ENTRIES SHOWN:
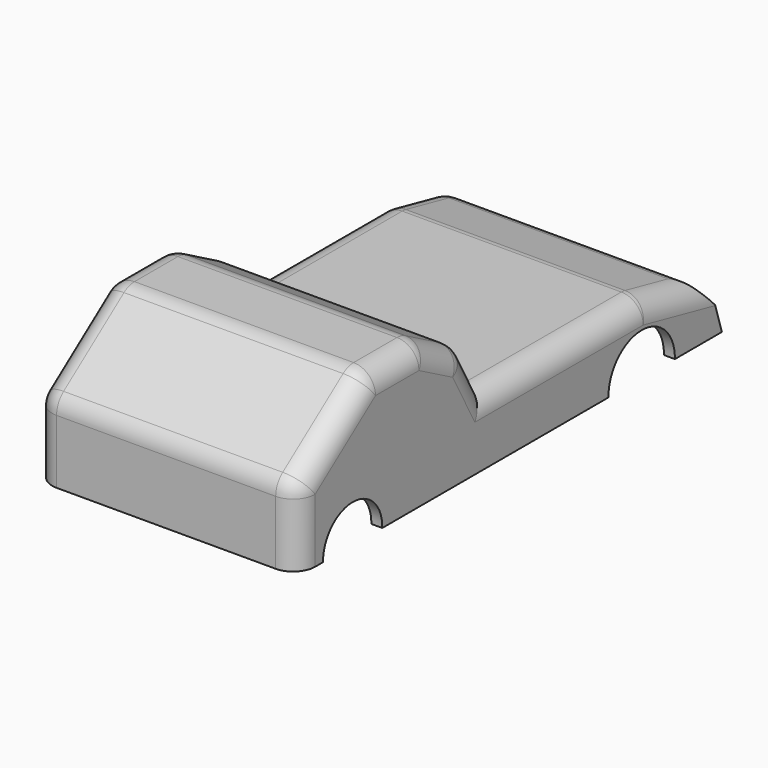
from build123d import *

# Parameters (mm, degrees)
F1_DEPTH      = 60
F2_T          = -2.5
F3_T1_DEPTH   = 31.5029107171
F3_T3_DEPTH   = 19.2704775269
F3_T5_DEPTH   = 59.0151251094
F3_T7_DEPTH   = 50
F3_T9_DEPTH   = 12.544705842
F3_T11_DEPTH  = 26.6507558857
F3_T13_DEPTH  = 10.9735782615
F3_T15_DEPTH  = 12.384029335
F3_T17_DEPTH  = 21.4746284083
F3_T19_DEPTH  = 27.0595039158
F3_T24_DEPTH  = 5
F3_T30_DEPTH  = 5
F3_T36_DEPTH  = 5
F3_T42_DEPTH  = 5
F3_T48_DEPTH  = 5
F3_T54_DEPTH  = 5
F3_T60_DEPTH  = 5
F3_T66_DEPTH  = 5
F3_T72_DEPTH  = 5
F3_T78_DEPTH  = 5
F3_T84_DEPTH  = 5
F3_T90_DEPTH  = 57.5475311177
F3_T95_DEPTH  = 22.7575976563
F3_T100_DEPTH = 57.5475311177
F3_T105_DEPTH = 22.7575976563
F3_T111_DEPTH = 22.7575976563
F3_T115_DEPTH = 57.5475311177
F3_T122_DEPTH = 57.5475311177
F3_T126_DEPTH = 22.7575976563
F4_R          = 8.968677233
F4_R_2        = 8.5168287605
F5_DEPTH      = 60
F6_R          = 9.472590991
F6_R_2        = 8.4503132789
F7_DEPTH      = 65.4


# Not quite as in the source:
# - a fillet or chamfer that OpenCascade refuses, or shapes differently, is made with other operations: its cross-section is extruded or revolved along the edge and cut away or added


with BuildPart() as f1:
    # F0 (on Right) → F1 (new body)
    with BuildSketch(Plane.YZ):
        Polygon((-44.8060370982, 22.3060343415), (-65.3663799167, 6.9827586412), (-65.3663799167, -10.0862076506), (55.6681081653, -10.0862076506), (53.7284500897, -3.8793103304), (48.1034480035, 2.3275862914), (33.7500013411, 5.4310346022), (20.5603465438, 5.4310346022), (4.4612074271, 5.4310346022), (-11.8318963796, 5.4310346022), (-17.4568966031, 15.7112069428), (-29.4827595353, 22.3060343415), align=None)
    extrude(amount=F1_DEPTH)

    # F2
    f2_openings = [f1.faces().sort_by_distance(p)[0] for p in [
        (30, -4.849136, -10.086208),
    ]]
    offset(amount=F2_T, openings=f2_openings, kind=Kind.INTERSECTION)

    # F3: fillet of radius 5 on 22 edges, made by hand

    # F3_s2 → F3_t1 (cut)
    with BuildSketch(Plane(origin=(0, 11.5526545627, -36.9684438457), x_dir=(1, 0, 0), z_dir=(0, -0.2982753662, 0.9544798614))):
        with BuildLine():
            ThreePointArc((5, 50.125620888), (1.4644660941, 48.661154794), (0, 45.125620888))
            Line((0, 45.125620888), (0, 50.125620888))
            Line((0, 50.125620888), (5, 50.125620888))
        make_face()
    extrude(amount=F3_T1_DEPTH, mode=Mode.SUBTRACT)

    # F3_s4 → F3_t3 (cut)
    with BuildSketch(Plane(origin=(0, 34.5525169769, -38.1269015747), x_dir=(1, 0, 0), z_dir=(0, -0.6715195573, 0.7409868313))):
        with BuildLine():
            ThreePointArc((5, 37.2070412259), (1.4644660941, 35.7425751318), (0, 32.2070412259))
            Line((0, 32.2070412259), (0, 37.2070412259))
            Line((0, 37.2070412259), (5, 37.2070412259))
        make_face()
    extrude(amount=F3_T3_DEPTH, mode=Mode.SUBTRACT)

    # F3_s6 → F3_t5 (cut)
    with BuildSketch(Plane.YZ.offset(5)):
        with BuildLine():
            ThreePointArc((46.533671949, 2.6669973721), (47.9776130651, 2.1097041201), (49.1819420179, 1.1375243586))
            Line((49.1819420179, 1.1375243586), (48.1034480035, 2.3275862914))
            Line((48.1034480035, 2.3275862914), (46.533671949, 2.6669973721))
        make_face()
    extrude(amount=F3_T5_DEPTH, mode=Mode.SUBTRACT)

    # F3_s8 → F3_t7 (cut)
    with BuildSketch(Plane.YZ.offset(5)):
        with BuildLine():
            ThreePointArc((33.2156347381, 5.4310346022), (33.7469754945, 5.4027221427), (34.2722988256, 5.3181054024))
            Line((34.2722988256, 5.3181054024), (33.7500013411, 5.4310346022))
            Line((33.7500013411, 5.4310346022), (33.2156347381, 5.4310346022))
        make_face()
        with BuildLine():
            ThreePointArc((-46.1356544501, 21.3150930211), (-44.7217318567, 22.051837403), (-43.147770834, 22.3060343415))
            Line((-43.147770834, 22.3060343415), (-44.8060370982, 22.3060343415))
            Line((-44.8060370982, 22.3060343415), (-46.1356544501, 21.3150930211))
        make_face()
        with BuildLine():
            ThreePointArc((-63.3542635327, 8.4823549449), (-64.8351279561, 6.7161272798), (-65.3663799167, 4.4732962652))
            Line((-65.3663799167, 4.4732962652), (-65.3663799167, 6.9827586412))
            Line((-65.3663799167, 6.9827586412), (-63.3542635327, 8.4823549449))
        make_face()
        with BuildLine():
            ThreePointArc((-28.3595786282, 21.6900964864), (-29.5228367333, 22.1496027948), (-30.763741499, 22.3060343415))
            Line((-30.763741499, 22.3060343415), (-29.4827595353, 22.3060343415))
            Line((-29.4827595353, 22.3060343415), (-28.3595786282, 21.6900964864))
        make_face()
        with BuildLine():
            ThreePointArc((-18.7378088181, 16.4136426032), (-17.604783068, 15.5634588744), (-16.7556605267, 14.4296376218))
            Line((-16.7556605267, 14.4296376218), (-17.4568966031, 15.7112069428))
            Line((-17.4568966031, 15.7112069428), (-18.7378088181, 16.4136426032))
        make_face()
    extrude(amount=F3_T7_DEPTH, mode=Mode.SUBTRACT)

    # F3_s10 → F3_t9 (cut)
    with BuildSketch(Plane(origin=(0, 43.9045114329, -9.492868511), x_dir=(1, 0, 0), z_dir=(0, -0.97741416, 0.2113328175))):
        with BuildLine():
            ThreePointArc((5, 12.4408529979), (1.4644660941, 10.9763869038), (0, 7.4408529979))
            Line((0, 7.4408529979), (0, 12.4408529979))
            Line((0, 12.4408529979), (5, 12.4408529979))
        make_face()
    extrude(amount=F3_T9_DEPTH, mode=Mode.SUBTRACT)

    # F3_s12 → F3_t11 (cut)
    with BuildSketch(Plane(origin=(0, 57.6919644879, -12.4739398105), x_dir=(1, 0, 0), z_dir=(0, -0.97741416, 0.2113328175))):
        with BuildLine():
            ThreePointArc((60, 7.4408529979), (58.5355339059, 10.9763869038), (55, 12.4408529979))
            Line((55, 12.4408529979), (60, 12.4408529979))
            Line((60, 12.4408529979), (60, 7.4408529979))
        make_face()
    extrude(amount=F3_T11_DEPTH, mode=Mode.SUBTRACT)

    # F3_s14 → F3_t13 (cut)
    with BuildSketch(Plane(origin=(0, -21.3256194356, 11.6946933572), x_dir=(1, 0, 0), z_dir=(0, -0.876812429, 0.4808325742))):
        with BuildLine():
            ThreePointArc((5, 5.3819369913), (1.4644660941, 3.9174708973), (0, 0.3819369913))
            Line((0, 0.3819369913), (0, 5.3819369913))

EXERCISE AIM: Each line, starting with the one that holds "# F3_s12 → F3_t11 (cut)" and ending with the last line of the listing, is to be restated exactly.

EXERCISE RESULT:
    # F3_s12 → F3_t11 (cut)
    with BuildSketch(Plane(origin=(0, 57.6919644879, -12.4739398105), x_dir=(1, 0, 0), z_dir=(0, -0.97741416, 0.2113328175))):
        with BuildLine():
            ThreePointArc((60, 7.4408529979), (58.5355339059, 10.9763869038), (55, 12.4408529979))
            Line((55, 12.4408529979), (60, 12.4408529979))
            Line((60, 12.4408529979), (60, 7.4408529979))
        make_face()
    extrude(amount=F3_T11_DEPTH, mode=Mode.SUBTRACT)

    # F3_s14 → F3_t13 (cut)
    with BuildSketch(Plane(origin=(0, -21.3256194356, 11.6946933572), x_dir=(1, 0, 0), z_dir=(0, -0.876812429, 0.4808325742))):
        with BuildLine():
            ThreePointArc((5, 5.3819369913), (1.4644660941, 3.9174708973), (0, 0.3819369913))
            Line((0, 0.3819369913), (0, 5.3819369913))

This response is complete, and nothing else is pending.